2.1. [Gedaagde 2] heeft Schuitema bijgestaan in een geschil met onder andere[Eiser]ers]. over een onroerende zaak in Dokkum. In een e-mail d.d. 13 mei 2009 van [Gedaagde 2] aan Schuitema wordt onder meer vermeld:

“Bijgaand een conceptsommatie/aansprakelijkstelling richting de heren [Eiser] (2 maal), [X] (2 maal) en [Y]. (…)

Nog een verzoek van mijn kant: kennen wij de (privé-)adressen van de geadresseerden?”

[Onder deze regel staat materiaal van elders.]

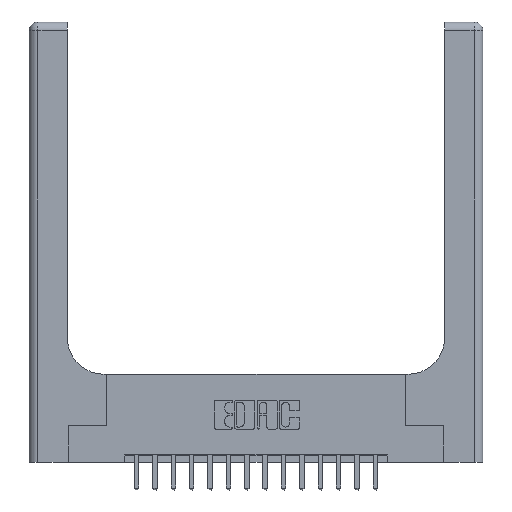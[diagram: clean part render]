
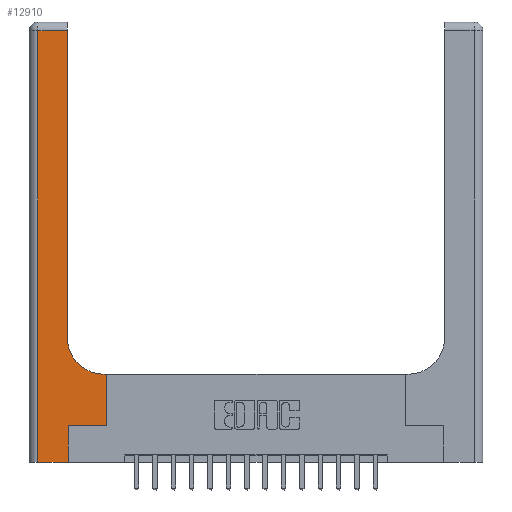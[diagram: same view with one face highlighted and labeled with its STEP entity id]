
A CAD part, top view. The second image highlights one B-rep face of the part: STEP entity #12910.
In plain terms, the highlighted planar face has unit normal (0, 0, 1).
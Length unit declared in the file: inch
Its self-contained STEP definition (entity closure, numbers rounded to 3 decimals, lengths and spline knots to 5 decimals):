
#27 = DIRECTION ( 'NONE',  ( -1., 0., 0. ) ) ;
#177 = DIRECTION ( 'NONE',  ( 0., 0., -1. ) ) ;
#179 = DIRECTION ( 'NONE',  ( -1., 0., 0. ) ) ;
#240 = VECTOR ( 'NONE', #16317, 39.37008 ) ;
#428 = ORIENTED_EDGE ( 'NONE', *, *, #8661, .T. ) ;
#434 = DIRECTION ( 'NONE',  ( 1., 0., 0. ) ) ;
#463 = VERTEX_POINT ( 'NONE', #5873 ) ;
#1223 = ORIENTED_EDGE ( 'NONE', *, *, #14084, .T. ) ;
#1461 = CARTESIAN_POINT ( 'NONE',  ( 0.265, 0., 0.37 ) ) ;
#1653 = CARTESIAN_POINT ( 'NONE',  ( 0.26, 3., 0.37 ) ) ;
#1849 = ORIENTED_EDGE ( 'NONE', *, *, #2334, .T. ) ;
#2334 = EDGE_CURVE ( 'NONE', #14933, #3088, #7260, .T. ) ;
#2712 = VECTOR ( 'NONE', #10306, 39.37008 ) ;
#2858 = CARTESIAN_POINT ( 'NONE',  ( 0.26, 2.94, 0.37 ) ) ;
#3088 = VERTEX_POINT ( 'NONE', #14650 ) ;
#3119 = CARTESIAN_POINT ( 'NONE',  ( 0.26, 0.6, 0.37 ) ) ;
#3842 = LINE ( 'NONE', #9597, #14703 ) ;
#3923 = DIRECTION ( 'NONE',  ( 0., -1., 0. ) ) ;
#4351 = ORIENTED_EDGE ( 'NONE', *, *, #8913, .T. ) ;
#4781 = VECTOR ( 'NONE', #27, 39.37008 ) ;
#4818 = EDGE_CURVE ( 'NONE', #12166, #5178, #6178, .T. ) ;
#4994 = CARTESIAN_POINT ( 'NONE',  ( 0.265, 0.25, 0.37 ) ) ;
#5178 = VERTEX_POINT ( 'NONE', #1461 ) ;
#5873 = CARTESIAN_POINT ( 'NONE',  ( 0.26, 0.85, 0.37 ) ) ;
#6080 = ORIENTED_EDGE ( 'NONE', *, *, #12211, .T. ) ;
#6178 = LINE ( 'NONE', #16245, #13298 ) ;
#7260 = LINE ( 'NONE', #14425, #4781 ) ;
#7295 = EDGE_CURVE ( 'NONE', #17372, #11075, #11888, .T. ) ;
#7652 = CARTESIAN_POINT ( 'NONE',  ( 0.265, 0.25, 0.37 ) ) ;
#8352 = VECTOR ( 'NONE', #179, 39.37008 ) ;
#8424 = VERTEX_POINT ( 'NONE', #13770 ) ;
#8661 = EDGE_CURVE ( 'NONE', #463, #14933, #10388, .T. ) ;
#8913 = EDGE_CURVE ( 'NONE', #8424, #463, #14143, .T. ) ;
#9083 = CARTESIAN_POINT ( 'NONE',  ( 0.06, 0., 0.37 ) ) ;
#9246 = CARTESIAN_POINT ( 'NONE',  ( 0.51, 0.85, 0.37 ) ) ;
#9252 = CARTESIAN_POINT ( 'NONE',  ( 0.528, 0.25, 0.37 ) ) ;
#9597 = CARTESIAN_POINT ( 'NONE',  ( 0.265, 0., 0.37 ) ) ;
#10076 = CARTESIAN_POINT ( 'NONE',  ( 0., 3., 0.37 ) ) ;
#10306 = DIRECTION ( 'NONE',  ( 0., 1., 0. ) ) ;
#10388 = LINE ( 'NONE', #1653, #2712 ) ;
#10578 = LINE ( 'NONE', #9252, #240 ) ;
#11075 = VERTEX_POINT ( 'NONE', #16610 ) ;
#11286 = FACE_OUTER_BOUND ( 'NONE', #12607, .T. ) ;
#11887 = CARTESIAN_POINT ( 'NONE',  ( 0.528, 0.6, 0.37 ) ) ;
#11888 = LINE ( 'NONE', #7652, #16724 ) ;
#12166 = VERTEX_POINT ( 'NONE', #9083 ) ;
#12211 = EDGE_CURVE ( 'NONE', #11075, #17055, #10578, .T. ) ;
#12328 = DIRECTION ( 'NONE',  ( 1., 0., 0. ) ) ;
#12607 = EDGE_LOOP ( 'NONE', ( #428, #1849, #14712, #14802, #13681, #18561, #6080, #1223, #4351 ) ) ;
#12910 = ADVANCED_FACE ( 'NONE', ( #11286 ), #14116, .F. ) ;
#13241 = AXIS2_PLACEMENT_3D ( 'NONE', #9246, #13461, #12328 ) ;
#13298 = VECTOR ( 'NONE', #434, 39.37008 ) ;
#13396 = DIRECTION ( 'NONE',  ( 1., 0., 0. ) ) ;
#13461 = DIRECTION ( 'NONE',  ( 0., 0., -1. ) ) ;
#13681 = ORIENTED_EDGE ( 'NONE', *, *, #14407, .T. ) ;
#13770 = CARTESIAN_POINT ( 'NONE',  ( 0.51, 0.6, 0.37 ) ) ;
#14084 = EDGE_CURVE ( 'NONE', #17055, #8424, #15623, .T. ) ;
#14116 = PLANE ( 'NONE',  #16824 ) ;
#14143 = CIRCLE ( 'NONE', #13241, 0.25 ) ;
#14407 = EDGE_CURVE ( 'NONE', #5178, #17372, #3842, .T. ) ;
#14425 = CARTESIAN_POINT ( 'NONE',  ( 0., 2.94, 0.37 ) ) ;
#14650 = CARTESIAN_POINT ( 'NONE',  ( 0.06, 2.94, 0.37 ) ) ;
#14703 = VECTOR ( 'NONE', #15219, 39.37008 ) ;
#14712 = ORIENTED_EDGE ( 'NONE', *, *, #15603, .T. ) ;
#14802 = ORIENTED_EDGE ( 'NONE', *, *, #4818, .T. ) ;
#14933 = VERTEX_POINT ( 'NONE', #2858 ) ;
#15219 = DIRECTION ( 'NONE',  ( 0., 1., 0. ) ) ;
#15496 = CARTESIAN_POINT ( 'NONE',  ( 0.06, 3., 0.37 ) ) ;
#15603 = EDGE_CURVE ( 'NONE', #3088, #12166, #16648, .T. ) ;
#15623 = LINE ( 'NONE', #3119, #8352 ) ;
#16171 = VECTOR ( 'NONE', #3923, 39.37008 ) ;
#16245 = CARTESIAN_POINT ( 'NONE',  ( 0., 0., 0.37 ) ) ;
#16317 = DIRECTION ( 'NONE',  ( 0., 1., 0. ) ) ;
#16610 = CARTESIAN_POINT ( 'NONE',  ( 0.528, 0.25, 0.37 ) ) ;
#16648 = LINE ( 'NONE', #15496, #16171 ) ;
#16724 = VECTOR ( 'NONE', #13396, 39.37008 ) ;
#16824 = AXIS2_PLACEMENT_3D ( 'NONE', #10076, #177, #16970 ) ;
#16970 = DIRECTION ( 'NONE',  ( -1., 0., 0. ) ) ;
#17055 = VERTEX_POINT ( 'NONE', #11887 ) ;
#17372 = VERTEX_POINT ( 'NONE', #4994 ) ;
#18561 = ORIENTED_EDGE ( 'NONE', *, *, #7295, .T. ) ;

2.2. [Gedaagde 2] heeft namens Schuitema per e-mail d.d. 3 september 2009 van 11:17 uur aan [Gedaagde 1], gerechtsdeurwaarder, opdracht gegeven om een dagvaarding uit te brengen aan onder andere[Eiser]ers]. In deze e-mail wordt onder meer vermeld:

“Onder verwijzing naar ons telefoongesprek zoeven, stuur ik u bijgaand als Word-bestand een dagvaarding met het vriendelijke [de rechtbank leest:] verzoek deze uit te brengen aan gedaagden 1 t/m 5. Vriendelijk verzoek ik u eveneens de adressen van gedaagden uit het GBA over te nemen en in de dagvaarding in te vullen alsmede de dagvaarding op aanzeggingen en formaliteiten te controleren. Graag ontvang ik exemplaren van de uitgebrachte exploten per post. Ik dank u alvast voor de te nemen moeite.”

2.3. In een e-mail d.d. 3 september 2009 van 14:55 uur van [Gedaagde 2] aan [Gedaagde 1] wordt vermeld:

“Ik kan slechts de geboortedata van [Q] [X] (25-10-1978) en [Q] [Y]

(22-2-1962) vinden. Ten aanzien van de overige gedaagden stel ik voor openbaar te dagvaarden. Past u de datum aan ivm termijnen openbaar dagvaarden?”

2.4. [Gedaagde 1] heeft op 3 september 2009 onderzoek gedaan in de gemeentelijke basisadministratie van de gemeente Dongeradeel op basis van de geslachtsnaam “[Eiser]”. De berichtinhoud luidt: “Geen gegevens gevonden.”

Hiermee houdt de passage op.